Finkbeiner weaves in the story of thediscovery of the structure of the cosmos as she tells the story of the SDSS.  For me, entwining together the story of scientific discovery with the tale of the people who enabled the SDSS’s odyssey of discovery is a heady brew. You should drink it in for yourself!

The Stuff Between the Galaxies

What is It?

This computer simulation by Matt Hall (NCSA) and Eric Hallman (Univ. Colorado) shows the warm-hot intergalactic medium (blue) that runs along filaments between galaxies and galaxy clusters.  (Click to biggify.)
This computer simulation by Matt Hall (NCSA) and Eric Hallman (Univ. Colorado) shows the warm-hot intergalactic medium (blue) that runs along filaments between galaxies and galaxy clusters. (Click to biggify.)

Living in a galaxy is like living in a big city.  There’s always something going on, there’s always somebody around. Even if you live out in the country, you’re still not that far from the nearest neighbor or town or burg or hamlet. But, let’s say you lived out in the desert, hundreds of kilometers from anything. You’d be surrounded by nothing, right?

Well, not exactly. It depends on how you define “nothing.”  If you think that a lack of towns or neighbors means there’s nothing out there, that’s one way to think of it. But, you’d still have sand and plants and animals surrounding you. They’re not in your social set, but that doesn’t  mean they don’t exist.

The same thing goes for galaxies and the space between them.  That space may look empty, but it’s  not.  Our galaxy is part of a cluster of galaxies called the Local Group.  The space between our galaxy and the ones next door is filled with material even though (to us with visible-light eyes) it looks like it’s empty.

While you may have heard that there’s a dark matter halo out there surrounding the Milky Way, there’s also regular old baryonic matter.

How do we know this? Bruce Dorminey, who writes for ScienceNow Daily News, sent me an article he wrote about a detection of regular matter between galaxies that was done using x-rays.

How so?  As light travels through the intergalactic medium, it encounters “stuff” — atoms of gases in clouds.  As light from more distant objects runs through those clouds, some of it is absorbed by the material.  We can actually see the fingerprints of this absorption when we look at that light through a spectrograph.

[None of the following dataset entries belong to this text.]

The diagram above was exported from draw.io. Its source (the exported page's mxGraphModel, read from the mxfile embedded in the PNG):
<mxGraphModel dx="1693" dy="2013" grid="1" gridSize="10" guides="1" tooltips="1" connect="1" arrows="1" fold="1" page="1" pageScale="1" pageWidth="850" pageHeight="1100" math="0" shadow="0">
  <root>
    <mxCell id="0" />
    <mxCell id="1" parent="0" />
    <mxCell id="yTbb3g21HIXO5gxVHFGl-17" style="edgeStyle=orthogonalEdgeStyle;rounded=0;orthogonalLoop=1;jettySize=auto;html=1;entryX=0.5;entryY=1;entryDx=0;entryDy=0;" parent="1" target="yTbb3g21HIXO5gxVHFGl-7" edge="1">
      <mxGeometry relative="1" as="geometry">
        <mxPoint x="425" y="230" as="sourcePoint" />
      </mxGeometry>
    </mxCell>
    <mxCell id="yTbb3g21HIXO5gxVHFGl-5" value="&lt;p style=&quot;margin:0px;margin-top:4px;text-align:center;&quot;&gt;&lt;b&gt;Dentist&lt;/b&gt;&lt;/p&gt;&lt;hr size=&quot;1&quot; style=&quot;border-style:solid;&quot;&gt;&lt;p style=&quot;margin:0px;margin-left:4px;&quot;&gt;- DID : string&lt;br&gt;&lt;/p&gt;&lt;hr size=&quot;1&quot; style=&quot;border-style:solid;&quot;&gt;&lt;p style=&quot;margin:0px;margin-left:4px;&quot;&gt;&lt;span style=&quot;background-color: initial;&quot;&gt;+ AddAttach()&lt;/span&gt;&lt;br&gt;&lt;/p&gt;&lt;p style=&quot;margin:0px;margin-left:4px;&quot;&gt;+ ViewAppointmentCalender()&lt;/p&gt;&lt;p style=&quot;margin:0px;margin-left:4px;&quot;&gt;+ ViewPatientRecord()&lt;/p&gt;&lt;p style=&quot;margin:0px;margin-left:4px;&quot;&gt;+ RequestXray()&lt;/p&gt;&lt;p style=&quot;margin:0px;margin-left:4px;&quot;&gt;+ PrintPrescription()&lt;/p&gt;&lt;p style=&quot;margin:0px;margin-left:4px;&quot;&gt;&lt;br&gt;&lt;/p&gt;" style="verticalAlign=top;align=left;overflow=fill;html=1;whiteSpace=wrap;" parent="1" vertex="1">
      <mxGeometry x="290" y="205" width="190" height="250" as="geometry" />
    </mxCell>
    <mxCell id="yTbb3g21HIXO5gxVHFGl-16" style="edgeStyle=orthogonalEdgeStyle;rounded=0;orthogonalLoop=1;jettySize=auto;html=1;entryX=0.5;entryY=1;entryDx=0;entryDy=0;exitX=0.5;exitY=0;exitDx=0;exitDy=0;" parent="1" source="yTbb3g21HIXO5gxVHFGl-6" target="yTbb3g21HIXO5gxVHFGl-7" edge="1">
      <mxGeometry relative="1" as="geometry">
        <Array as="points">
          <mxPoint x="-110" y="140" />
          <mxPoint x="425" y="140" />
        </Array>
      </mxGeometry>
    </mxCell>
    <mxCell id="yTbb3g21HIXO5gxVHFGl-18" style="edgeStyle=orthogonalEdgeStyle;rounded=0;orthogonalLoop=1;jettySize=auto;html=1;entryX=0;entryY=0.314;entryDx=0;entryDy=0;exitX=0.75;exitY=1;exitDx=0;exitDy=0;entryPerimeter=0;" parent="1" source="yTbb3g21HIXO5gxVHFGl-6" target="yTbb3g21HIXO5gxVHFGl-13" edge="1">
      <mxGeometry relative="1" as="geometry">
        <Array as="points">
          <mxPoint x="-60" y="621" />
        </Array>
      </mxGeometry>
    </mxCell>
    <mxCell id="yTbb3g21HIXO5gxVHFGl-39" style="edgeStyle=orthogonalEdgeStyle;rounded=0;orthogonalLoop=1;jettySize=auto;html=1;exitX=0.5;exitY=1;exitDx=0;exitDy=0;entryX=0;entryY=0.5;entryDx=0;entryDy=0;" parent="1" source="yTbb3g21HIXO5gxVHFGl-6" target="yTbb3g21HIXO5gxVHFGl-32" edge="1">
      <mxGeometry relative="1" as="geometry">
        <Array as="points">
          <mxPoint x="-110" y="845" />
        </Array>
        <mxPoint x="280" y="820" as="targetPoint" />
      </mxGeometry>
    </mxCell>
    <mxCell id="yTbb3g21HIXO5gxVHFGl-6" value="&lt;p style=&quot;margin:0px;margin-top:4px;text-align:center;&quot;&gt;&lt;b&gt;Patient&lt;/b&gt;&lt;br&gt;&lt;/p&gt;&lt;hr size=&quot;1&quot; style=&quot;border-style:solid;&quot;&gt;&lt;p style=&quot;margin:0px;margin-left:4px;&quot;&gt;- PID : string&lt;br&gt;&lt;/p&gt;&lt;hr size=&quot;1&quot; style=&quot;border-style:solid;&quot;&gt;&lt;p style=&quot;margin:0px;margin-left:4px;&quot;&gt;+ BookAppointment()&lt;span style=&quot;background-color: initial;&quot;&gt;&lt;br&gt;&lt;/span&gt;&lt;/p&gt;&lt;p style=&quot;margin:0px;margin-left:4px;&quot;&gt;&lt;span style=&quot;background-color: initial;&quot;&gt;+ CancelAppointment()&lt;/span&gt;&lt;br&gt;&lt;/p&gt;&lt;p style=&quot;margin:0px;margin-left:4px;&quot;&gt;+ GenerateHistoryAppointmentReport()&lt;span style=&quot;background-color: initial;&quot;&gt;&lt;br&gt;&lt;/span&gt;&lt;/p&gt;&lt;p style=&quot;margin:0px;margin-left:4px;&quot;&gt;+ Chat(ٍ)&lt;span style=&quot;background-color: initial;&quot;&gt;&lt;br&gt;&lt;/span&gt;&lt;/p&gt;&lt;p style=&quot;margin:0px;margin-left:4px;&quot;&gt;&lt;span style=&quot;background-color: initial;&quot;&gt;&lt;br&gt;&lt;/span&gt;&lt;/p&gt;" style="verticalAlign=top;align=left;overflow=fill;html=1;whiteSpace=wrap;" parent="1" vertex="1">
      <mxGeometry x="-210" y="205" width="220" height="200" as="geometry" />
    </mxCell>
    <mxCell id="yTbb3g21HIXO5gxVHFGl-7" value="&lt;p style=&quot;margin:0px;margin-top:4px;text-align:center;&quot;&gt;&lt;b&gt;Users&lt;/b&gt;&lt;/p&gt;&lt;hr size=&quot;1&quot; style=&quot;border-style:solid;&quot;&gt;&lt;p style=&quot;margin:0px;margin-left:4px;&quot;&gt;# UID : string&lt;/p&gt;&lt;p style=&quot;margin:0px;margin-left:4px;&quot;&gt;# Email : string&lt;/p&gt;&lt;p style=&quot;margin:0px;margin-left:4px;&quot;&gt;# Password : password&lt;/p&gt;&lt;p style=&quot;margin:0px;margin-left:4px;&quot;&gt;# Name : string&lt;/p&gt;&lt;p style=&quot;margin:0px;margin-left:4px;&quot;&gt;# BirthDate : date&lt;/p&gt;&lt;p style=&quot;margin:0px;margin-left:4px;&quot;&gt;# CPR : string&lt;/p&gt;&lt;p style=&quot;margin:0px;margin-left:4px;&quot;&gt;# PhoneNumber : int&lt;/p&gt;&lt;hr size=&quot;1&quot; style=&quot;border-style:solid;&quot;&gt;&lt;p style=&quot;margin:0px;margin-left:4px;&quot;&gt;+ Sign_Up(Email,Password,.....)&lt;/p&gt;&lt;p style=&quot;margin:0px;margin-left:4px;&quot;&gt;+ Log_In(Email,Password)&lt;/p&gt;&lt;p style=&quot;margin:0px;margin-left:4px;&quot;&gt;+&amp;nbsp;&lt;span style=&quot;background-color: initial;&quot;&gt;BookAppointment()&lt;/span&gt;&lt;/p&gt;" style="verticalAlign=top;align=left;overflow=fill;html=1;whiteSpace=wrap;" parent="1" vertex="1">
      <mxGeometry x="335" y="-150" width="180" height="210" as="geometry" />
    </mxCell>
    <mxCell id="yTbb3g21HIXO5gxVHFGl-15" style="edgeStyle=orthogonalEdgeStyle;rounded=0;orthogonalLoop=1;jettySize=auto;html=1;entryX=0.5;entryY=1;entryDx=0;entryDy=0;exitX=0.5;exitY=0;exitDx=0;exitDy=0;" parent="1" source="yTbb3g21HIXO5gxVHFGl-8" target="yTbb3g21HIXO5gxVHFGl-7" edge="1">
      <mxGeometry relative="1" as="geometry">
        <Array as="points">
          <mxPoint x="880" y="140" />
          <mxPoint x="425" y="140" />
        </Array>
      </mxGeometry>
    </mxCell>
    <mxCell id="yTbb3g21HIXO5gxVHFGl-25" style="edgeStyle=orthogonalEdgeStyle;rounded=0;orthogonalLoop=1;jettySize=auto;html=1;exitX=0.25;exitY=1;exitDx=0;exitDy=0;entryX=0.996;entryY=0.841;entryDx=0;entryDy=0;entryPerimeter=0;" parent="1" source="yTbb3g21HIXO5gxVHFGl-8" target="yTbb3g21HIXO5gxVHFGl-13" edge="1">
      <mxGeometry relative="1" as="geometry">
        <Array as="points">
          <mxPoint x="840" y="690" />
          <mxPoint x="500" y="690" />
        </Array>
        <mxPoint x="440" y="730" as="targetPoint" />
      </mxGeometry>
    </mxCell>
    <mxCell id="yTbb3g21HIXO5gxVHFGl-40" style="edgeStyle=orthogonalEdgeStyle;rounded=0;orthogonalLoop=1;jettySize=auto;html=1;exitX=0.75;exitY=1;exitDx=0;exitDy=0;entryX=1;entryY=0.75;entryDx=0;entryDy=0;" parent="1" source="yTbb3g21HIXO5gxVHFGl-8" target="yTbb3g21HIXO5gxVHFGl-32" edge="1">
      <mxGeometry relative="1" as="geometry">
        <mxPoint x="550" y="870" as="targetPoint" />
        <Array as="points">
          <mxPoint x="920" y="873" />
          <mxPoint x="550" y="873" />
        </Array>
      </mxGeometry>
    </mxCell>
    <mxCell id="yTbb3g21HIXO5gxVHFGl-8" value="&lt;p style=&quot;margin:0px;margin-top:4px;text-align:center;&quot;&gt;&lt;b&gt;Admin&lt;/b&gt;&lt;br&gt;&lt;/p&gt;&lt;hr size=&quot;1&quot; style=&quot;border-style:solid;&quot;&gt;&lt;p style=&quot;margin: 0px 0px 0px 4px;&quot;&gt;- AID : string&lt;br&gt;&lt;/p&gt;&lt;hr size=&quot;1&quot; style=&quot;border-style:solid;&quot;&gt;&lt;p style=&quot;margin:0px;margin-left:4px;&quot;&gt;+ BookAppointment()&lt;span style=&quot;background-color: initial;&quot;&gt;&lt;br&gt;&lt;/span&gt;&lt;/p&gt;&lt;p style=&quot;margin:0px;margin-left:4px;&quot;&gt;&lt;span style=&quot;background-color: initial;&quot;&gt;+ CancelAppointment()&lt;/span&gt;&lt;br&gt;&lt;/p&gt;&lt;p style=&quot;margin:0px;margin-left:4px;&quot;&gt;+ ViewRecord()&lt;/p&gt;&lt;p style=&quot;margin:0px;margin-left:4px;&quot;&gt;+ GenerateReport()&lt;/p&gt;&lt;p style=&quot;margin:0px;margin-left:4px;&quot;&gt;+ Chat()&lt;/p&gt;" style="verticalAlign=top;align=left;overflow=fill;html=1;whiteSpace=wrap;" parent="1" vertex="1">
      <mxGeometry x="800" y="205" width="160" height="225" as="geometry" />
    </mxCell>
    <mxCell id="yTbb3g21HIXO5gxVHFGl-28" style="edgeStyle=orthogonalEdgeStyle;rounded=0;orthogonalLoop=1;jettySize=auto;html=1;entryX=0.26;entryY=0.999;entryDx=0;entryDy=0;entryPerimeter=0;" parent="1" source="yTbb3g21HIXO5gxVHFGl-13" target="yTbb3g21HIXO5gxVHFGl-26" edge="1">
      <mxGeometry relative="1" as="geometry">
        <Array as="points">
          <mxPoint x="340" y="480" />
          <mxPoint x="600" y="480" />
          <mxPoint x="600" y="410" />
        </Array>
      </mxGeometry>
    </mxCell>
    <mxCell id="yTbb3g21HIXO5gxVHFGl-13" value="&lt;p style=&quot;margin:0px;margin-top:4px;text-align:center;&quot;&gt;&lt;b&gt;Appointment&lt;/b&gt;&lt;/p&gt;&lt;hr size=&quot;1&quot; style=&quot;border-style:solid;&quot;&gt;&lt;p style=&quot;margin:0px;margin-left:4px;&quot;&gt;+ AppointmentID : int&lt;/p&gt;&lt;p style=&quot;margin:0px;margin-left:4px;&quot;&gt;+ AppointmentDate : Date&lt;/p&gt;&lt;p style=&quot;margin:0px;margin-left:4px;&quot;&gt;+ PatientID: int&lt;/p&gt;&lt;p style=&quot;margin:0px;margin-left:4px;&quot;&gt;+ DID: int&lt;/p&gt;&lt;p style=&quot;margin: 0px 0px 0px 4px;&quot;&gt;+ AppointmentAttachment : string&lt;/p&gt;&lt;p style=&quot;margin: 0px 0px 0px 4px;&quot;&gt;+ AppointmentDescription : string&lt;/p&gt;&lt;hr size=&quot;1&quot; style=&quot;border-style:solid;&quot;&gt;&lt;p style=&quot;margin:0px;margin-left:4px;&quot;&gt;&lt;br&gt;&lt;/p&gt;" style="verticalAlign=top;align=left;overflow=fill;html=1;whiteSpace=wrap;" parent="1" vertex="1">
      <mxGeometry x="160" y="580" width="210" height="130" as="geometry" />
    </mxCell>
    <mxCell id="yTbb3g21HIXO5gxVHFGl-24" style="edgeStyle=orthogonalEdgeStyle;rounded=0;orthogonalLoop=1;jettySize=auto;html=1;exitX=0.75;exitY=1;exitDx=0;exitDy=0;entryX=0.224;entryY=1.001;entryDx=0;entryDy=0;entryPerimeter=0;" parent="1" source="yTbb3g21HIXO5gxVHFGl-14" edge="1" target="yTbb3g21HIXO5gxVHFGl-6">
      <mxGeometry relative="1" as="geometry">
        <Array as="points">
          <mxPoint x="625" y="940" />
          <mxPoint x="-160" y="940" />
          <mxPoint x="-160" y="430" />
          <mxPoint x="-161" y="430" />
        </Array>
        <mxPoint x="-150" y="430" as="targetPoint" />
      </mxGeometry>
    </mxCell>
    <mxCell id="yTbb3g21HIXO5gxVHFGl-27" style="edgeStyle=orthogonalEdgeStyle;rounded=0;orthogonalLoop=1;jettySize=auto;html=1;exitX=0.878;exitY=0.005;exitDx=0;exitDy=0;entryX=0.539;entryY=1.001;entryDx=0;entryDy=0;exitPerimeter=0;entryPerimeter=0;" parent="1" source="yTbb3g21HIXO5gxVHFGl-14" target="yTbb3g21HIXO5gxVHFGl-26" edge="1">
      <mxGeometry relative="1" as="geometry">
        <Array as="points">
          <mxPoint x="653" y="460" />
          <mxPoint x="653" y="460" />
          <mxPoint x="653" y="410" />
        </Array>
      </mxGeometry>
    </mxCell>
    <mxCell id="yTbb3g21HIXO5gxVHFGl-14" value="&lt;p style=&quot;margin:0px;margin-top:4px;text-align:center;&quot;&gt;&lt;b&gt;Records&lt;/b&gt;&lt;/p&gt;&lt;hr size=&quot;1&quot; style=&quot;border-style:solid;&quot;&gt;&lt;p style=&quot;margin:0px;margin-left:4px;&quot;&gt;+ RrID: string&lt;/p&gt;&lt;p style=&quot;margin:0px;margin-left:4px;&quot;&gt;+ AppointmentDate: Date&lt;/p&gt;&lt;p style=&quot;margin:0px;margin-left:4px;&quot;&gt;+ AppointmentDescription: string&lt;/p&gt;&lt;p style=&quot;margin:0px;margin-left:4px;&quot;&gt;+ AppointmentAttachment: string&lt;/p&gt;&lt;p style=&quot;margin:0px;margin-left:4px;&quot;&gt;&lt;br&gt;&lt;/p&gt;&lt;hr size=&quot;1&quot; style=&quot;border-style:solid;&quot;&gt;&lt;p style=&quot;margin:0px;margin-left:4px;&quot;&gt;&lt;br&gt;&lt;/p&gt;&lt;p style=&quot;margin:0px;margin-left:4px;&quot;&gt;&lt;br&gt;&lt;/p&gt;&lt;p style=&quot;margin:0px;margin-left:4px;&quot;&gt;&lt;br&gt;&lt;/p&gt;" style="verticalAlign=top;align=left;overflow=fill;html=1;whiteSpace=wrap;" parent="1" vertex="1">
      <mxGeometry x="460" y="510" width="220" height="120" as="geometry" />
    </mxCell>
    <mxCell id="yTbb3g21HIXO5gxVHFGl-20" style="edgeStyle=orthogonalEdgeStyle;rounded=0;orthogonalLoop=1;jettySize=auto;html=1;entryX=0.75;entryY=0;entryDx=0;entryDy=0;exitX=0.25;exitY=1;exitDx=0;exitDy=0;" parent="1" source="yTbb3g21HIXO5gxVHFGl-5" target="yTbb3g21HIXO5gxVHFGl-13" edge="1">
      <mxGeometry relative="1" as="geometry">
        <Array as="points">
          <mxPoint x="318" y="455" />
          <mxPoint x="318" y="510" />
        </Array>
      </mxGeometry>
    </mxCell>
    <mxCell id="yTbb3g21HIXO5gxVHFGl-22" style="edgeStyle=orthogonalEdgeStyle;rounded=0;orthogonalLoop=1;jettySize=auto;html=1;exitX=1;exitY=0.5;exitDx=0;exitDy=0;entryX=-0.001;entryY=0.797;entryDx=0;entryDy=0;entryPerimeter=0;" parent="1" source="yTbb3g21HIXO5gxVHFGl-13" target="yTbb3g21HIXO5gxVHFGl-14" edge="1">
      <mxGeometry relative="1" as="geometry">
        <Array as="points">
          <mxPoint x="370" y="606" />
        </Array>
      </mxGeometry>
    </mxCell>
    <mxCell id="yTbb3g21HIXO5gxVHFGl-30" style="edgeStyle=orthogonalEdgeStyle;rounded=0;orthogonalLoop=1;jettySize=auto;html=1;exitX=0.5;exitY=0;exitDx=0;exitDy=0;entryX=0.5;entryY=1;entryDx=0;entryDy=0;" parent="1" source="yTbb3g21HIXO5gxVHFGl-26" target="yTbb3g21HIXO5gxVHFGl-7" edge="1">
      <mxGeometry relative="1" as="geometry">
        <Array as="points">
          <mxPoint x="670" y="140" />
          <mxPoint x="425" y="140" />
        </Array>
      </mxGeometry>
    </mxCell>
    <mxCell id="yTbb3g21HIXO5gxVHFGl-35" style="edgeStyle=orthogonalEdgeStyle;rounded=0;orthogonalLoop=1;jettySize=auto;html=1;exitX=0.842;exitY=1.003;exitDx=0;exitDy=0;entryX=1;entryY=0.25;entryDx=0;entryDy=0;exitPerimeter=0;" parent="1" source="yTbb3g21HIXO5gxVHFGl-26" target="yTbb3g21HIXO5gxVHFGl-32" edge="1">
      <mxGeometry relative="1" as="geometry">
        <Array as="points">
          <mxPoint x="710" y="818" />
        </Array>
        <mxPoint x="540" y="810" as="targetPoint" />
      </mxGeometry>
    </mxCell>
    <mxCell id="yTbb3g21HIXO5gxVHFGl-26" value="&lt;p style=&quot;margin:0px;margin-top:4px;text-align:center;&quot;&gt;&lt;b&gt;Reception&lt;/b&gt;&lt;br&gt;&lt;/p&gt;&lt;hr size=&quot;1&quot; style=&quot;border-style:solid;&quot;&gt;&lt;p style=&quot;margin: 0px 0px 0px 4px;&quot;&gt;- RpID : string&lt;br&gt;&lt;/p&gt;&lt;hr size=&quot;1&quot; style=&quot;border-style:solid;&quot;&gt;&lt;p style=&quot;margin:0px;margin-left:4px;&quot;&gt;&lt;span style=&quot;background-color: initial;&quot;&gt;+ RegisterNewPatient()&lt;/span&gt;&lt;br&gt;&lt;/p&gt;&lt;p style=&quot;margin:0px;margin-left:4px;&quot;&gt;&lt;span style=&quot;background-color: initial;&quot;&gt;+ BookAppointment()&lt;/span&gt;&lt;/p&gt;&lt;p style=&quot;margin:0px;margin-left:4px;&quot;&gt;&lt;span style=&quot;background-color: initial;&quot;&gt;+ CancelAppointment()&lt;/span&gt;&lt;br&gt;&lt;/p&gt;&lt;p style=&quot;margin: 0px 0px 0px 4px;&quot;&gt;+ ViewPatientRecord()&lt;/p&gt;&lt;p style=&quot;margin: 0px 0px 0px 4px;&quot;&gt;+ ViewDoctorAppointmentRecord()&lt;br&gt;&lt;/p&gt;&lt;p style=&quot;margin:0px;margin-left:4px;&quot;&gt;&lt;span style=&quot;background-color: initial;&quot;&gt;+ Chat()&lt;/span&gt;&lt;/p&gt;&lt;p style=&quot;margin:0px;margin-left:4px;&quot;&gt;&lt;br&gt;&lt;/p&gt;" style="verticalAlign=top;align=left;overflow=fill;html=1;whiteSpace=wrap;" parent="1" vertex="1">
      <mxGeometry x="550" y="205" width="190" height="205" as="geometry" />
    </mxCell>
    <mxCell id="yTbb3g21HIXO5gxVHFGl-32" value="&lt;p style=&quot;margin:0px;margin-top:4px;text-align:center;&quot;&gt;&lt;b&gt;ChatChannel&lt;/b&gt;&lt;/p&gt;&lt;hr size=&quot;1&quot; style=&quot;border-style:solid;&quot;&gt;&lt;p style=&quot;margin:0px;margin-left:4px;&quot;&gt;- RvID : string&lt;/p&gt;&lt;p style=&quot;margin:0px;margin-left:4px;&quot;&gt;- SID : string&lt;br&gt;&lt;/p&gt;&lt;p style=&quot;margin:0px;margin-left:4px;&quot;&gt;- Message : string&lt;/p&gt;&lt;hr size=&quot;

It turns out that these clouds are likely absorbing x-rays (which are also part of the electromagnetic spectrum). David Buote of the University of California at Irvine and a group of astronomers used the Chandra X-ray observatory and the European Space Agency’s XMM-Newton observatory to look at a portion of an object called the Sculptor Wall, part of a large collection of galaxies that lie about 400 million light-years away.  They were specifically looking for the fingerprints of O VII — oxygen that has been stripped of five of its eight electrons.  This O VII is part of what astronomers call the “warm-hot intergalactic medium” — a sort of rarefied plasma that absorbs various wavelengths of light, including x-rays.  Buote and his colleagues are saying that there’s an excellent chance that their discovery will hold up and that they have found another way to probe the matter that exists in the intergalactic medium. Their research will be published in the April 20th issue of Astrophysical Journal.

Astronomers have long known that the intergalactic void wasn’t completely empty, but this new work shows us what’s filling it in some places. It has pretty important implications for how we understand what astronomers call the “large-scale structure of the universe.”  This is because we are still trying to understand just how matter is distributed — whether it’s regular matter or dark matter.  In the long term, astronomers use studies like this to model just how galaxies are formed and how the universe has evolved since it began 13.7 billion years ago.